Bei unauffälligem Screening kann Ihnen der hochwertigere Test zusätzliche Sicherheit bzgl. des kindlichen Hörens geben. Die BERA testet nicht nur das Ohr, sondern zusätzlich noch die Hör-Bahn und die Hör-Rinde des Gehirns. Diese BERA können wir Ihnen nur als individuelle Gesundheitsleistung anbieten. Bitte teilen Sie uns mit, ob Sie an dieser zusätzlichen Hör-Prüfung interessiert sind.

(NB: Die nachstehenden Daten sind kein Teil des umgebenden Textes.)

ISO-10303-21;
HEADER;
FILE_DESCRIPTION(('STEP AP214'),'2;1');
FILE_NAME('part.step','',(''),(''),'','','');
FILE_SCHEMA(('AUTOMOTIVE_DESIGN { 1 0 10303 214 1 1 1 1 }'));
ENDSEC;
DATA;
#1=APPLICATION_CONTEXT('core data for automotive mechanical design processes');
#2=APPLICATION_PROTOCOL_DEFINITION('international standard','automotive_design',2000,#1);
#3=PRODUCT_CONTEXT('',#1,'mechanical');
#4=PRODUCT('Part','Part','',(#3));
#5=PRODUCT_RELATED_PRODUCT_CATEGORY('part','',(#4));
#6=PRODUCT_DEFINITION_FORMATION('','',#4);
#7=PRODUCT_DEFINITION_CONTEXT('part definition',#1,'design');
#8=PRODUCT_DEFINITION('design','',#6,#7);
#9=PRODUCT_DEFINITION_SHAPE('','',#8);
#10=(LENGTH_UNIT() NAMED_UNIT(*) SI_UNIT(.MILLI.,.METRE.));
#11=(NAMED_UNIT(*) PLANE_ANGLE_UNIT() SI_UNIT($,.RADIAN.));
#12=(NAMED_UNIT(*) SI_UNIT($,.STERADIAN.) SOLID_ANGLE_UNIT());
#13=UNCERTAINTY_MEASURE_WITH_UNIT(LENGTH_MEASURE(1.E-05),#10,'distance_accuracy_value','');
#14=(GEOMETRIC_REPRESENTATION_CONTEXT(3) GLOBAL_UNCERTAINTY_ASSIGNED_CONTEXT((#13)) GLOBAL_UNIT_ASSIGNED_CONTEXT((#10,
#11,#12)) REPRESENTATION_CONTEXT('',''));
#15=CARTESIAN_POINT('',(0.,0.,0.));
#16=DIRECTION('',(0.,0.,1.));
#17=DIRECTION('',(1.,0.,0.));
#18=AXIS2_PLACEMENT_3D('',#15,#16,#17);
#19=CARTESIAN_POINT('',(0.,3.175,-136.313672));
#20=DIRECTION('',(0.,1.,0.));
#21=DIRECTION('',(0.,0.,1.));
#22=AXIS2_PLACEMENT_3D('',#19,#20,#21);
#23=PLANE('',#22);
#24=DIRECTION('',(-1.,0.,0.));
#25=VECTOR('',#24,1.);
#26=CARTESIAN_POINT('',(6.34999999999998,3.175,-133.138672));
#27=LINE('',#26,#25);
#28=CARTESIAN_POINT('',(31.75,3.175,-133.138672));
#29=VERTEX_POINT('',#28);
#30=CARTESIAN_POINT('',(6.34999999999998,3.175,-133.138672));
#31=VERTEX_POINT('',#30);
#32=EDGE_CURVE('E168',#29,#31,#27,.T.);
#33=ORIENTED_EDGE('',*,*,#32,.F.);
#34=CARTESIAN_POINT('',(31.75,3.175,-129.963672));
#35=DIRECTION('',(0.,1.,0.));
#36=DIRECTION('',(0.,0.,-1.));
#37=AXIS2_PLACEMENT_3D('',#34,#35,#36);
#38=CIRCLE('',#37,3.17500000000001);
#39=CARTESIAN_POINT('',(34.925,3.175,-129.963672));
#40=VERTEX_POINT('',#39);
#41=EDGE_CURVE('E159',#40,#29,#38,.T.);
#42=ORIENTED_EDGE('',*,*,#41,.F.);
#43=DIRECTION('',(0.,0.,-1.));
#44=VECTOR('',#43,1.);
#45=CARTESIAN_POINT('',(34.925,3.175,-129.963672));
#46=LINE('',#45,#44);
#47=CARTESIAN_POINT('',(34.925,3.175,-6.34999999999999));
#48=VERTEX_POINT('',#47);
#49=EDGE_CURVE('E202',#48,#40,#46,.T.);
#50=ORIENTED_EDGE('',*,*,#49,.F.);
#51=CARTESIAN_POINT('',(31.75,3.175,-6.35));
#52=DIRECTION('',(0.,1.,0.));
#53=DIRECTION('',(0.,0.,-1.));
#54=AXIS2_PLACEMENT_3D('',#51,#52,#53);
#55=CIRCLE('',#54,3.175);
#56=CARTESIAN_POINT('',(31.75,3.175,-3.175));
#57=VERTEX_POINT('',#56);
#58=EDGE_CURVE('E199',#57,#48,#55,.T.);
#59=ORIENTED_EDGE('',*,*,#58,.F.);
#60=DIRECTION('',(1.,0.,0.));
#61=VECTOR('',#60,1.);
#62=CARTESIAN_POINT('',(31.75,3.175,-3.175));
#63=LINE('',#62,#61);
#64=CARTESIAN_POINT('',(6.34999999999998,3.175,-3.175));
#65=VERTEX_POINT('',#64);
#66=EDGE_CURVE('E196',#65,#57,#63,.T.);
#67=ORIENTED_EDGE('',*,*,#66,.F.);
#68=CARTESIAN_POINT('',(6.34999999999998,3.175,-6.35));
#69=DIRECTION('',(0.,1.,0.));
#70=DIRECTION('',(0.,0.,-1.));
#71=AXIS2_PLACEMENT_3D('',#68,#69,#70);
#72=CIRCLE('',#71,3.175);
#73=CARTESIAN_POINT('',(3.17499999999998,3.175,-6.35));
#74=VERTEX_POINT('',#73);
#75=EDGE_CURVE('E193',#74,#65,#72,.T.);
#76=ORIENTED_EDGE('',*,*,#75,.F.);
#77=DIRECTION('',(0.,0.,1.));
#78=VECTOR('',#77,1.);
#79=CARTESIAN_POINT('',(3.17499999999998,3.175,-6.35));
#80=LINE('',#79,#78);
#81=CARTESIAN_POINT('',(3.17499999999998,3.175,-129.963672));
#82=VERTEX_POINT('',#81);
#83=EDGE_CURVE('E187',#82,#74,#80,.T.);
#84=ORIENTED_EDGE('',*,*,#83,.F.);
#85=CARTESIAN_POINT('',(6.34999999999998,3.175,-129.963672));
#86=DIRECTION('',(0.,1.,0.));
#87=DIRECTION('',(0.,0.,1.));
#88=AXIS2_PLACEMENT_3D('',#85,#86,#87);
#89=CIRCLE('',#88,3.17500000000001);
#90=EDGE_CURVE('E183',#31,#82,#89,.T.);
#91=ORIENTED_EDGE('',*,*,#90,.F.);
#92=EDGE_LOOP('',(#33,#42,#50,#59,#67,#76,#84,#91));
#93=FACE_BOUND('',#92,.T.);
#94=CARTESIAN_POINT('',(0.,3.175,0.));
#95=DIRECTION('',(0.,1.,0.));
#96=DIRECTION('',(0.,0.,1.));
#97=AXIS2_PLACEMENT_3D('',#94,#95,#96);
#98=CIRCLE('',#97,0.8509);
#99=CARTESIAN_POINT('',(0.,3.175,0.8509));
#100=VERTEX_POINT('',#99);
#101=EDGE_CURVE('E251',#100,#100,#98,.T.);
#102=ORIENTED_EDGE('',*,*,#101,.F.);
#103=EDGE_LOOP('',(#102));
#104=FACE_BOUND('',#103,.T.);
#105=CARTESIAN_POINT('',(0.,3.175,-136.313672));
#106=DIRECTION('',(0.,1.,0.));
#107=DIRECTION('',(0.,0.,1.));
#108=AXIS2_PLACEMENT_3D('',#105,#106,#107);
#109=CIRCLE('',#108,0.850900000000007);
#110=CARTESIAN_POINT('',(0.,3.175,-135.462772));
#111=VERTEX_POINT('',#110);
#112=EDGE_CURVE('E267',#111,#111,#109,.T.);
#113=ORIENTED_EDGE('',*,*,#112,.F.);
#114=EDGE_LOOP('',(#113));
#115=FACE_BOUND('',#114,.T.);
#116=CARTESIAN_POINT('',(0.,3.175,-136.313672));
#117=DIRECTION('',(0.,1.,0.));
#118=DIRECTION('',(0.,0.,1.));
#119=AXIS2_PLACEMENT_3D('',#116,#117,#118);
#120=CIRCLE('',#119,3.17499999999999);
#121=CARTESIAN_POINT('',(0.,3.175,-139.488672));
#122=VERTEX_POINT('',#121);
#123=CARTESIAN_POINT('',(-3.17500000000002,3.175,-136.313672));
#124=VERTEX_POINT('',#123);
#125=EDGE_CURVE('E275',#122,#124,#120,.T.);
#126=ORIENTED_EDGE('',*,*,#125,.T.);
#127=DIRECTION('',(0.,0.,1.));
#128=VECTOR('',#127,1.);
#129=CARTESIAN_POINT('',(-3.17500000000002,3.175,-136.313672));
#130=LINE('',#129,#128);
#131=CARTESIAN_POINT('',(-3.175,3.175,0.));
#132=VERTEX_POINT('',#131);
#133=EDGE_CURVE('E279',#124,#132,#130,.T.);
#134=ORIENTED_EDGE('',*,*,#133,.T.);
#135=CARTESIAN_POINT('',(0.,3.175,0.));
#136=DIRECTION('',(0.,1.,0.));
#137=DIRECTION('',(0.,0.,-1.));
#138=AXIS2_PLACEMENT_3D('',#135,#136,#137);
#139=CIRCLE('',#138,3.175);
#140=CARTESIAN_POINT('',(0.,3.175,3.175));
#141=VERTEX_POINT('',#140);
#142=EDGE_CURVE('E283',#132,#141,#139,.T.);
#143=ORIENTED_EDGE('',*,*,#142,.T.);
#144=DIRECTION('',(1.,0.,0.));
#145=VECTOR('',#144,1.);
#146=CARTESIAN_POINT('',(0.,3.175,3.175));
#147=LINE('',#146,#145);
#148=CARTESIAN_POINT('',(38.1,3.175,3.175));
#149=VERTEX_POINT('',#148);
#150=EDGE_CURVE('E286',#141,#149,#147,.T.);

Veränderungen in der pädiatrischen Versorgung

Im Juni und September 2008 hat unser Team Verstärkung bekommen: An 3 Tagen in der Woche arbeitet Frau Dr. Anja Hauser, an weiteren 2 1/2 Tagen Frau Dr. Stephanie Waidlich in unserer Praxis mit. Wir sind sehr froh darüber! Auch die Arzthelferinnen der ehemaligen Praxis Dr. Cahlik haben sich grossartig integriert. Mit diesem Team können wir derzeit uneingeschränkt neue Patienten aufnehmen. 


dr. stephanie waidlich
dr. anja hauser

Neues Ultraschallgerät

Im Dezember 2006 hatten wir ein neues, modernes Ultraschallgerät gekauft. Nun ersetzen wir dieses durch ein noch besseres Gerät des gleichen Herstellers. Damit können wir weiterhin neben der herkömmlichen Sonografie auch die sog. Farbdoppler-Sonografie anbieten. Anwendungsgebiete sind: Verdacht auf das Vorliegen einer Doppelniere, akute Hodenerkrankungen, Gefäßverengungen, Blutschwämmchen oder die Frage nach dem Durchblutungsgrad von Tumoren u.v.a.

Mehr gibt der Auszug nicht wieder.